The closest I've ever gotten to a redfish is in my kayak. It is magnum cool just drifting along approaching tailing reds. You do have to tighten up your loop. Can't afford to slap the water on your back cast or drop to low and make a big splash going forward. The good news is that your casts can often be MUCH SHORTER.

THE JAMMER


----------



## Ish (Oct 30, 2008)

casting from a kayak is like casting while sitting indian-style in an open field on a windy day. best way I could think to describe it. not hard, just maybe not so fun (for me at least).

unless it's really calm, use the kayak to get there, then get up and wade.

if you want to cast from the yak, a 10' rod will help a lot.

suerte...


----------



## FishTTU (Feb 20, 2009)

Ish- when you find tailing reds or when you get out to wade has spooking fish ever been an issue? Aside from a flats boat, is there a prefered vessel to fly fish from?


----------



## FlySouth (Feb 25, 2009)

The times I fly fished from a kayak, I spent more time being frustrated than fishing. Your line gets tangled on everything. You make a cast at a fish and the wind blows you out of position before you can start retrieving line. 
These days, if I even use a kayak, I just use the yak to get somewhere and hop out and wade. I've even tied my yak to my belt and towed it around while I wade (assuming the wind isnt too bad and you arent trying to get anywere too fast).
A kayak can get you places other waders (and some boaters) cant get to.

If I had it to do all over again, I would probably save my money and buy an old jon boat with a 15 hp and use it to get to spots to wade.

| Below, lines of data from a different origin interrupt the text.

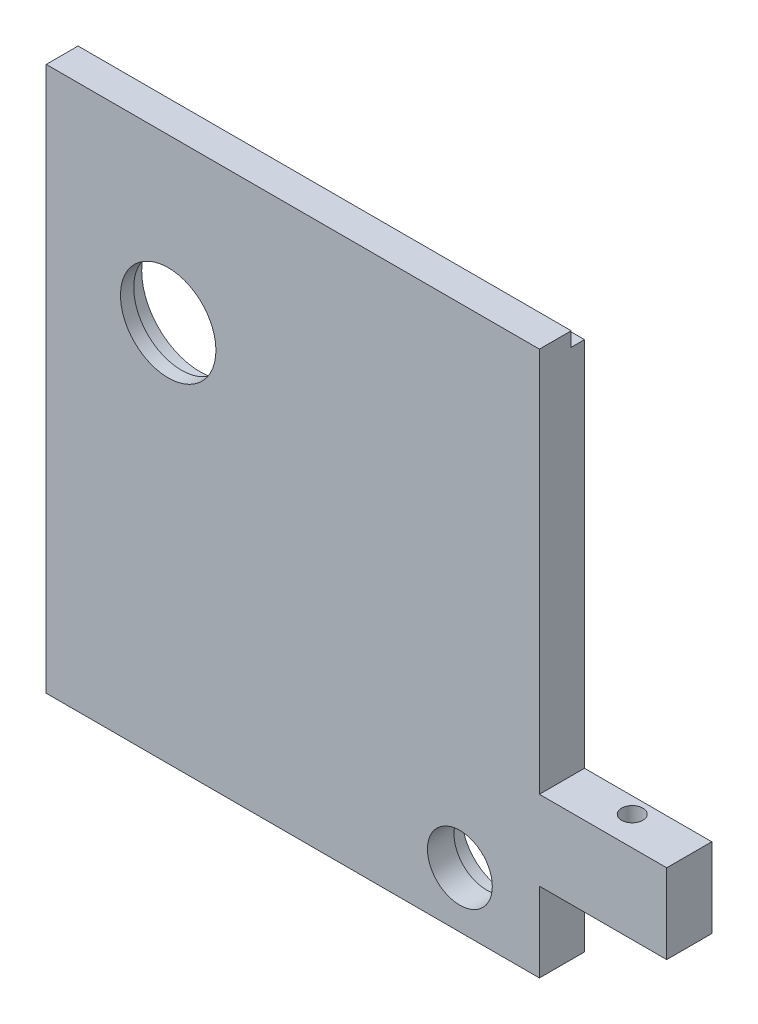
SolidWorks part; units mm, degrees
ref_plane "Front Plane" through (0, 0, 0) normal (0, 0, 1) x (1, 0, 0)
ref_plane "Top Plane" through (0, 0, 0) normal (0, 1, 0) x (1, 0, 0)
ref_plane "Right Plane" through (0, 0, 0) normal (1, 0, 0) x (0, 0, -1)
sketch "Sketch1" plane through (0, 0, 0) normal (0, 0, 1) x (1, 0, 0)
  line L1 (-76.1871, 67.6281) -> (16.8129, 67.6281)
  line L2 (-76.1871, 67.6281) -> (-76.1871, -35.0719)
  line L3 (-76.1871, -35.0719) -> (16.8129, -35.0719)
  line L4 (16.8129, 67.6281) -> (16.8129, -35.0719)
  dimension "D1" = 93
  dimension "D2" = 102.7
extrude "Boss-Extrude2" add sketch "Sketch1" along normal blind 6 contours L1 L4 L3 L2
sketch "Sketch3" plane through (0, 0, 0) normal (0, 0, -1) x (-1, 0, 0)
  line L0 (76.1871, -35.0719) -> (-16.8129, -35.0719) construction
  line L1 (-16.8129, 64.9281) -> (18.1871, 64.9281)
  line L2 (-16.8129, 64.9281) -> (-16.8129, -35.0719)
  line L3 (-16.8129, -35.0719) -> (18.1871, -35.0719)
  line L4 (18.1871, 64.9281) -> (18.1871, -35.0719)
  line L5 (-16.8129, 67.6281) -> (-16.8129, -35.0719) construction
  dimension "D1" = 0
  dimension "D2" = 0
  dimension "D3" = 35
  dimension "D4" = 100
extrude "Boss-Extrude3" add sketch "Sketch3" along normal blind 2.5
sketch "Sketch4" plane through (16.8129, 0, 0) normal (1, 0, 0) x (0, 0, -1)
  line L0 (-6, 67.6281) -> (-6, -35.0719) construction
  line L1 (-6, -5.0719) -> (2.5, -5.0719)
  line L2 (-6, -5.0719) -> (-6, -20.0719)
  line L3 (-6, -20.0719) -> (2.5, -20.0719)
  line L4 (2.5, -5.0719) -> (2.5, -20.0719)
  line L5 (2.5, 64.9281) -> (2.5, -35.0719) construction
  line L6 (-6, -35.0719) -> (2.5, -35.0719) construction
  dimension "D1" = 15
  dimension "D2" = 15
extrude "Boss-Extrude4" add sketch "Sketch4" along normal blind 24
sketch "Sketch5" plane through (0, -5.0719, 0) normal (0, 1, 0) x (1, 0, 0)
  line L0 (40.8129, -6) -> (16.8129, -6) construction
  line L2 (16.8129, 2.5) -> (16.8129, -6) construction
  circle A0 centre (28.8129, -0.5) radius 2
  dimension "D2" = 4
  dimension "D3" = 12
  dimension "D1" = 5.5
extrude "Cut-Extrude1" cut sketch "Sketch5" against normal blind 50
sketch "Sketch6" plane through (0, 0, -2.5) normal (0, 0, -1) x (-1, 0, 0)
  line L0 (-16.8129, -35.0719) -> (18.1871, -35.0719) construction
  line L1 (-16.8129, -20.0719) -> (-16.8129, -35.0719) construction
  circle A0 centre (-1.8129, -24.5719) radius 8.115
  dimension "D1" = 16.23
  dimension "D2" = 10.5
  dimension "D3" = 15
extrude "Cut-Extrude2" cut sketch "Sketch6" against normal blind 50
sketch "Sketch7" plane through (0, 0, 0) normal (0, 0, -1) x (-1, 0, 0)
  line L0 (76.1871, -35.0719) -> (18.1871, -35.0719) construction
  line L2 (-16.8129, 64.9281) -> (-16.8129, -5.0719) construction
  circle A0 centre (53.1871, 36.9281) radius 11
  dimension "D1" = 22
  dimension "D2" = 72
  dimension "D3" = 70
extrude "Cut-Extrude3" cut sketch "Sketch7" against normal blind 50
extrude "Extrude-Thin1" add sketch "Sketch7" along normal blind 2.5 from surface thin starting at face at (-42.1871, 36.9281, 6) thin type one direction reverse wall 2
extrude "Extrude-Thin2" add sketch "Sketch6<2>" along normal blind 5 from surface thin starting at face at (9.9279, -24.5719, 6) thin type one direction reverse wall 2
sketch "Sketch6<2>" plane through (0, 0, -2.5) normal (0, 0, -1) x (-1, 0, 0) same geometry as "Sketch6"

They arent as cool as a flats boat and sylish as a kayak, but they work.


----------



## Ish (Oct 30, 2008)

FishTTU said:


> Ish- when you find tailing reds or when you get out to wade has spooking fish ever been an issue? Aside from a flats boat, is there a prefered vessel to fly fish from?


nope. just go slow. so slow you can't hear yourself moving. it takes patience (many people don't have it), but if you don't make any noise, the fish aren't going to go anywhere.

for TX redfish, my preferred vessel is a pair of wade boots. that is unless I luck out and can find someone who can actually pole a boat right. then i prefer my skiff.


----------



## TailStalker (May 11, 2006)

http://capmel.com/flying_in_a_kayak_or_canoe.htm

**	
According to kayak flyfishing expert Kevin Fenn, paddling flyfishers enjoy a gratifying way to fish! The combination of this ancient angling art with a paddle craft can a most exhilarating challenge. Fenn says that fly-fishing from a canoe or kayak is yet another fascinating side of paddle fishing. "I've personally found fly-fishing easier and productive from a paddle craft, so I'm going to provide some tips to make it a hassle free way to fish.

By Kevin Fenn

First, let's talk about the rods used when fishing from these type of vessels. Since anglers are sitting or are standing just a few feet above the water, some find it difficult to cast. One solution may be a longer fly rod. Most anglers opt for the ever-popular nine-foot rod. But choosing a ten-foot rod, you will gain more height over the water and be able to make a cast rather than having your line slap on your casts. However, you should weigh the advantages of additional length against losing some of the accuracy that you might need.

Something else you may want to try is going with a bigger rod weight. I often find myself using a ten weight in my kayak. I choose the heavier rod weight so that I can load up quickly and, because of the line size, I can get my cast out with a minimum of false casting. While others see the heavier rod weight as a bother, I feel it helps you look at the water more (sight-fishing) rather than blind casting.

Another way to help get your casts off faster when paddle fishing is using a rod with a larger line size. What I mean is, if you have an eight-weight rod, try a nine or ten weight line. This will help you load quickly and enables you to make more casts than if you were throwing that ten weight rod.

Once again, I have to stress that these are just tips to try. I often read advice telling you not to load up on fly line. I can tell you from my own experience it works.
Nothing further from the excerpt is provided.